Le président du CNB, Jean-Marie Burguburu, a ainsi estimé qu’il n’y avait pas d'indices graves et concordants, justifiant le placement sur écoute de Me Herzog - ce qui constitue le seul cas permettant d'intercepter et de retranscrire les conversations. "Aucune écoute d'un avocat ne peut être ordonnée, ni réalisée à titre préventif pour rechercher les indices éventuels d'un éventuel fondement à des poursuites pénales", a rappelé le CNB dans un communiqué.

"Ces règles ont visiblement été contournées", considère le CNB, dont le président "affirme la solidarité des 60 000 avocats de France avec Me Thierry Herzog, [...] et appelle les pouvoirs publics à clarifier d'urgence cette inquiétante atteinte au bon fonctionnement de notre démocratie".

La décision d’expertiser le téléphone professionnel et le matériel informatique, saisis la semaine dernière lors de la perquisition du cabinet de Me Herzog, risque de renforcer les craintes des avocats.
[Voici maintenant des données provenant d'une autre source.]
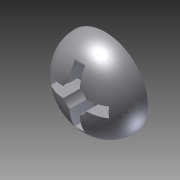
# Autodesk Inventor part: Bolt1
Saved by Autodesk Inventor 2012 SP2 (Build 160219200, 219)
## iProperties
Created: 2014-02-08
Part Number: Bolt1
Material: Default
Document SubType Name: Modeling
Designer: 1
Density: 1 g/cm^3
Author: 1
Autodesk Inventor part; units mm, degrees
ref_plane "YZ Plane" through (0, 0, 0) normal (1, 0, 0) x (0, 1, 0)
ref_plane "XZ Plane" through (0, 0, 0) normal (0, 1, 0) x (-1, 0, 0)
ref_plane "XY Plane" through (0, 0, 0) normal (0, 0, 1) x (1, 0, 0)
sketch "Sketch1" plane through (0, 0, 0) normal (0, 0, 1) x (1, 0, 0)
  circle A0 centre (-3.4351, -7.3738) radius 1.5 projected
  circle A1 centre (-3.4351, -7.3738) radius 4.4749
  point P0 (0, 0)
  constraints: 1 centre point, 1 coincident
extrude "Extrusion1" add sketch "Sketch1" along normal blind 3.175 contours A0 | A1
fillet "Fillet1" radius 3.175 1 edges at (-7.91, -7.3738, 3.175)
sketch "Sketch2" plane through (-3.4351, -7.3738, 3.175) normal (0, 0, 1) x (1, 0, 0)
  circle A0 centre (0, 0) radius 1.2999 construction
  line L0 (-6.0004, 0) -> (5.9052, 0) construction
  line L1 (0.0173, 5.7893) -> (0.0173, -4.6347) construction
  line L2 (1.1846, 0.5352) -> (3.0338, 0.5352)
  line L3 (3.0338, 0.5352) -> (3.0338, 0)
  line L4 (1.1846, -0.5352) -> (3.0338, -0.5352)
  line L5 (3.0338, -0.5352) -> (3.0338, 0)
  line L6 (-0.5352, 1.1846) -> (-0.5352, 3.0338)
  line L7 (-0.5352, 3.0338) -> (0, 3.0338)
  line L8 (0.5352, 1.1846) -> (0.5352, 3.0338)
  line L9 (0.5352, 3.0338) -> (0, 3.0338)
  line L10 (-1.1846, -0.5352) -> (-3.0338, -0.5352)
  line L11 (-3.0338, -0.5352) -> (-3.0338, 0)
  line L12 (-1.1846, 0.5352) -> (-3.0338, 0.5352)
  line L13 (-3.0338, 0.5352) -> (-3.0338, 0)
  line L14 (0.5352, -1.1846) -> (0.5352, -3.0338)
  line L15 (0.5352, -3.0338) -> (0, -3.0338)
  line L16 (-0.5352, -1.1846) -> (-0.5352, -3.0338)
  line L17 (-0.5352, -3.0338) -> (0, -3.0338)
  arc A1 (1.1846, 0.5352) -> (0.5352, 1.1846) centre (0, 0) ccw
  arc A2 (-0.5352, 1.1846) -> (-1.1846, 0.5352) centre (0, 0) ccw
  arc A3 (-1.1846, -0.5352) -> (-0.5352, -1.1846) centre (0, 0) ccw
  arc A4 (0.5352, -1.1846) -> (1.1846, -0.5352) centre (0, 0) ccw
  point P0 (3.4351, 7.3738)
  dimension "d5" = 360
  constraints: 36 end point, 10 point on circle, 4 centre point, 4 coincident, 3 perpendicular, 2 symmetric about line, 1 horizontal, 1 point on line, 37 other
extrude "Extrusion2" cut sketch "Sketch2" against normal blind 2.54
body "Solid1"
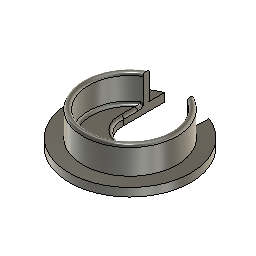
base_cable_cover v2 (Autodesk Fusion 360 design; units mm, degrees)
Autodesk Fusion 360 part; units mm, degrees
note: some values were not read from the file. Set by a fixed rule: which sketch regions a step uses.
sketch "Sketch1" plane through (0, 0, 0) normal (0, 0, 1) x (1, 0, 0) in component "base_cable_cover"
  circle A0 centre (0, 0) radius 11
  dimension "d1" = 22
  constraint coincident A0.centre origin
  measures "d1" diameter of A0
extrude "Extrude1" add sketch "Sketch1" along normal blind 1.5 in component "base_cable_cover"
sketch "Sketch2" plane through (0, 0, 1.5) normal (0, 0, 1) x (-1, 0, 0) in component "base_cable_cover"
  circle A0 centre (0, 0) radius 11
  circle A1 centre (0, 0) radius 8.5
  circle A2 centre (0, 0) radius 7.5
  dimension "d4" = 17
  dimension "d7" = 15
  constraint coincident A0.centre A1.centre
  constraint concentric A1 A2
  measures "d4" diameter of A1
  measures "d7" diameter of A2
extrude "Extrude2" add sketch "Sketch2" along normal blind 5 contours A1 in component "base_cable_cover"
sketch "Sketch3" plane through (0, 0, 1.5) normal (0, 0, 1) x (-1, 0, 0) in component "base_cable_cover"
  circle A0 centre (0, 0) radius 7.5
  line L0 (0, 0) -> (11, 0) construction
  circle A1 centre (0, 0) radius 8.5
  line L1 (4, -6.3443) -> (4, -2.8443)
  line L2 (0, 0) -> (0, -11.235) construction
  line L3 (0, -11.235) -> (0, -5) construction
  line L4 (-4, -6.3443) -> (-4, -2.8443)
  arc A2 (4, -2.8443) -> (-4, -2.8443) centre (0, -2.5441) ccw
  point P0 (11, 0)
  dimension "d12" = 4
  dimension "d13" = 3.5
  constraint coincident A0.centre L0.start
  constraint coincident P0 L0.end
  constraint coincident A0 L1.start
  constraint vertical L1
  constraint vertical L2
  constraint coincident L2 L3.end
  constraint symmetric L1.start L2 L4.start
  constraint symmetric L1.end L2 L4.end
  measures "d12" distance of L1 L2
  measures "d13" distance of L1.start L1.end
extrude "Extrude3" cut sketch "Sketch3" against normal blind 16 contours A0 L1 L4 A2 picked at (0, -4.3962) in component "base_cable_cover"
fillet "Fillet1" radius 0.5 6 edges at (7.9248, 3.0737, 6.5) (6.9925, -2.7121, 6.5) (0, -7.5, 1.5) (0, -1.4671, 1.5) (-4, 4.5943, 1.5) (4, 4.5943, 1.5) in component "base_cable_cover"
sketch "Sketch4" plane through (0, 0, 0) normal (0, 0, -1) x (1, 0, 0) in component "base_cable_cover"
  line L0 (-4, -6.3443) -> (-4, -2.8443)
  arc A0 (4, -2.8443) -> (-4, -2.8443) centre (0, -2.5441) ccw
  line L1 (4, -2.8443) -> (4, -6.3443)
  arc A1 (-4, -6.3443) -> (4, -6.3443) centre (0, 0) ccw
  circle A2 centre (0, 0) radius 11
  line L2 (-4, -6.3443) -> (-4, -13)
  line L3 (4, -6.3443) -> (4.2188, -12.7648)
  line L4 (4.2188, -12.7648) -> (-4, -12.7648)
  constraint coincident L0.start A1.start
  constraint parallel L0 L2
  constraint coincident L1.end A1.end
  constraint coincident L2 L4.end
  constraint perpendicular L2 L4
extrude "Extrude4" cut sketch "Sketch4" against normal blind 8 contours A1 A2 L2 L3 | A2 L2 L3 L4 in component "base_cable_cover"
component "base_cable_cover" placed x (1, 0, 0) y (0, 1, 0) z (0, 0, 1) at (0, 0, 0)
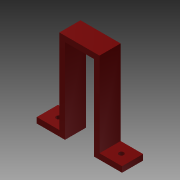
# Autodesk Inventor part: clip
Saved by Autodesk Inventor 2013 (Build 170138000, 138)
## iProperties
Created: 2014-10-25
Part Number: clip
Material: ABS Plastic
Document SubType Name: Modeling
Designer: Masta
Density: 1 g/cm^3
Author: Masta
Autodesk Inventor part; units mm, degrees
ref_plane "YZ Plane" through (0, 0, 0) normal (1, 0, 0) x (0, 1, 0)
ref_plane "XZ Plane" through (0, 0, 0) normal (0, 1, 0) x (-1, 0, 0)
ref_plane "XY Plane" through (0, 0, 0) normal (0, 0, 1) x (1, 0, 0)
sketch "Sketch1" plane through (0, 0, 0) normal (0, 1, 0) x (-1, 0, 0)
  line L0 (0, 0) -> (-10.25, 0)
  line L1 (-10.25, 0) -> (-10.25, -60)
  line L2 (-14.25, 4) -> (0, 4)
  line L3 (0, 4) -> (0, 0)
  line L4 (-10.25, -60) -> (-30.25, -60)
  line L5 (-30.25, -60) -> (-30.25, -56)
  line L6 (-30.25, -56) -> (-14.25, -56)
  line L7 (-14.25, -56) -> (-14.25, 4)
  dimension "d0" = 10.25
  dimension "d1" = 60
  dimension "d3" = 4
  dimension "d4" = 20
  dimension "d5" = 4
  dimension "d6" = 4
  constraints: 16 end point, 4 perpendicular, 3 parallel, 1 horizontal
  measures "d0" distance of L0.start L0.end
  measures "d1" distance of L0.end L1.end
  measures "d3" distance of L2.end L0.start
  measures "d4" distance of L1.end L4.end
  measures "d5" distance of L4.end L5.end
  measures "d6" distance between parallel lines of L1 L7
extrude "Extrusion1" add sketch "Sketch1" along normal blind 15
sketch "Sketch2" plane through (14.25, 0, -56) normal (0, 0, 1) x (1, 0, 0)
  line L0 (0, 15) -> (16, 0) construction
  line L1 (0, 0) -> (16, 15) construction
  point P0 (-14.25, 0)
  point P1 (8, 7.5)
  constraints: 4 end point, 2 midpoint
hole "Hole1" at (22.25, 7.5, -56) direction (0, 0, -1) diameter 3.5 depth 8 tip angle 118
mirror "Mirror1" about plane through (0, 0, 0) normal (-1, 0, 0)
body "Solid1"
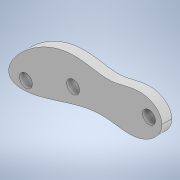
# Autodesk Inventor part: Component33
Saved by Autodesk Inventor 2022 (Build 260153000, 153)
## iProperties
Created: 2022-01-29
Part Number: Component33
Material: Generic
Document SubType Name: Modeling
Designer: Administrator
Density: 1 g/cm^3
Appearance: Default
Title: Component33
Author: Administrator
Autodesk Inventor part; units mm, degrees
ref_plane "YZ Plane" through (0, 0, 0) normal (1, 0, 0) x (0, 1, 0)
ref_plane "XZ Plane" through (0, 0, 0) normal (0, 1, 0) x (-1, 0, 0)
ref_plane "XY Plane" through (0, 0, 0) normal (0, 0, 1) x (1, 0, 0)
sketch "Sketch2" plane through (0, 0, 0) normal (0, 0, 1) x (1, 0, 0)
  circle A0 centre (-27.3479, -10.7746) radius 3.25
  circle A1 centre (34.8208, 4.3138) radius 3.25
  circle A2 centre (-3.4936, -1.5858) radius 3.25
  spline S0 degree 5 poles (41.324, 4.3228) (41.324, 3.6439) (41.1697, 2.2667) (40.4742, 0.1812) (38.6853, -2.4773) (35.4002, -5.2285) (31.535, -7.1363) (27.5171, -8.077) (23.572, -8.1536) (19.6981, -7.6755) (15.7663, -7.045) (11.5874, -6.6671) (6.9873, -6.8581) (1.8924, -7.7332) (-3.6548, -9.206) (-9.5209, -11.0542) (-15.4946, -12.9643) (-21.3038, -14.5846) (-26.6307, -15.5745) (-31.1286, -15.6545) (-34.434, -14.6584) (-36.2298, -12.5463) (-36.3051, -9.4106) (-34.6311, -5.4933) (-31.3878, -1.1726) (-26.8915, 3.1113) (-21.5436, 6.9185) (-15.7714, 9.8751) (-9.9721, 11.7395) (-4.4571, 12.4654) (0.6091, 12.2772) (5.1845, 11.5703) (9.3182, 10.8011) (13.1223, 10.3738) (16.7418, 10.5425) (20.3275, 11.2736) (24.0013, 12.2489) (27.8149, 13.0255) (31.7091, 13.1548) (35.4745, 12.3146) (38.7034, 10.4456) (40.4764, 8.2487) (41.1697, 6.3397) (41.324, 5.0016) (41.324, 4.3228) knots 0 0 0 0 0 0 0.025 0.05 0.075 0.1 0.125 0.15 0.175 0.2 0.225 0.25 0.275 0.3 0.325 0.35 0.375 0.4 0.425 0.45 0.475 0.5 0.525 0.55 0.575 0.6 0.625 0.65 0.675 0.7 0.725 0.75 0.775 0.8 0.825 0.85 0.875 0.9 0.925 0.95 0.975 1 1 1 1 1 1 weights 1 1 1 1 1 1 1 1 1 1 1 1 1 1 1 1 1 1 1 1 1 1 1 1 1 1 1 1 1 1 1 1 1 1 1 1 1 1 1 1 1 1 1 1 1
  point P0 (0, 0)
  dimension "d2" = 6.5
  constraints: 3 centre point, 2 equal radius, 1 other
  measures "d2" diameter of A0
extrude "Extrusion1" add sketch "Sketch2" along normal blind 5
equation "\"d2\" = R"
equation "\"R\" = 6.5"
equation "\"thickness\" = 5"
equation "\"width\" = 6.5"
equation "\"R1\" = 9"
body "Solid2"
Rolling 60012RSSKF  12x28x8 mm (Autodesk Fusion 360 design; units mm, degrees)
Autodesk Fusion 360 part; units mm, degrees
sketch "Sketch1" plane through (0, 0, 0) normal (0, 0, 1) x (1, 0, 0)
  circle A0 centre (0, 0) radius 14
  circle A1 centre (0, 0) radius 6
  circle A2 centre (0, 0) radius 13
  circle A3 centre (0, 0) radius 8
  dimension "d1" = 28
  dimension "d2" = 12
  dimension "d5" = -1
  dimension "d6" = 2
  constraint coincident A0.centre A1.centre
  measures "d1" diameter of A0
  measures "d2" diameter of A1
extrude "Extrude2" add sketch "Sketch1" along normal blind 8 contours A0 makes body 1
fillet "Fillet1" radius 0.2 2 edges at (-13.0526, -5.0626, 8) (-12.1203, 4.701, 8) on bodies 1
fillet "Fillet1" radius 0.2 2 edges at (-13.0526, -5.0626, 0) (-12.1203, 4.701, 0) on bodies 1
extrude "Extrude3" add sketch "Sketch1" along normal blind 8 separate body contours A3 makes body 2
fillet "Fillet2" radius 0.2 2 edges at (-7.4586, -2.8929, 8) (-5.594, 2.1697, 8) on bodies 2
fillet "Fillet2" radius 0.2 2 edges at (-7.4586, -2.8929, 0) (-5.594, 2.1697, 0) on bodies 2
extrude "Extrude4" add sketch "Sketch1" along normal blind 8 separate body contours A2 makes body 3
fillet "Fillet3" radius 0.2 2 edges at (-12.1203, -4.701, 8) (-7.4586, 2.8929, 8) on bodies 3
fillet "Fillet3" radius 0.2 2 edges at (-12.1203, -4.701, 0) (-7.4586, 2.8929, 0) on bodies 3
combine "Combine1" operation add target body 1 tool bodies 2 3

Cette procédure permet potentiellement aux autorités judiciaires d’avoir accès à tous les échanges client-avocat que Me Herzog a pu avoir depuis ces appareils.

Hypocrisie des services judiciaires

Interrogé par "Le Figaro" sur la protection des correspondances entre l'avocat et le client, la présidente de l’Association des avocats pénalistes, Me Corinne Dreyfus-Schmidt, a dénoncé l’hypocrisie des procédures actuelles concernant la retranscription des conversations entre l'avocat et son client. "Les services de l’autorité judiciaire ont tout loisir d’en prendre connaissance et de les utiliser, plus ou moins directement. La loi doit sanctuariser tout ce qui est lié à ces échanges : on n’y touche pas !"

L’opposition a rapidement cherché à capitaliser sur ce vent de fronde des avocats. Invité de l’émission Tous Politiques sur FRANCE 24, le député UMP Henri Guaino a demandé à François Hollande de saisir le Conseil supérieur de la magistrature (CSM) pour déterminer si la mise sur écoute de Nicolas Sarkozy par des juges est "conforme à l'éthique".

Le député UMP du Rhône, Georges Fenech, avait quant à lui indiqué dès samedi qu'il déposerait cette semaine une proposition de loi proscrivant l’utilisation de tout échange entre l’avocat et son client dans le cadre d’une procédure judiciaire. Une idée qui s’est heurtée, lundi matin, à une fin de non-recevoir de la garde des Sceaux, Christiane Taubira. Après les soubresauts judicaires, l’affaire des écoutes Sarkozy-Herzog se poursuit désormais sur le plan politique.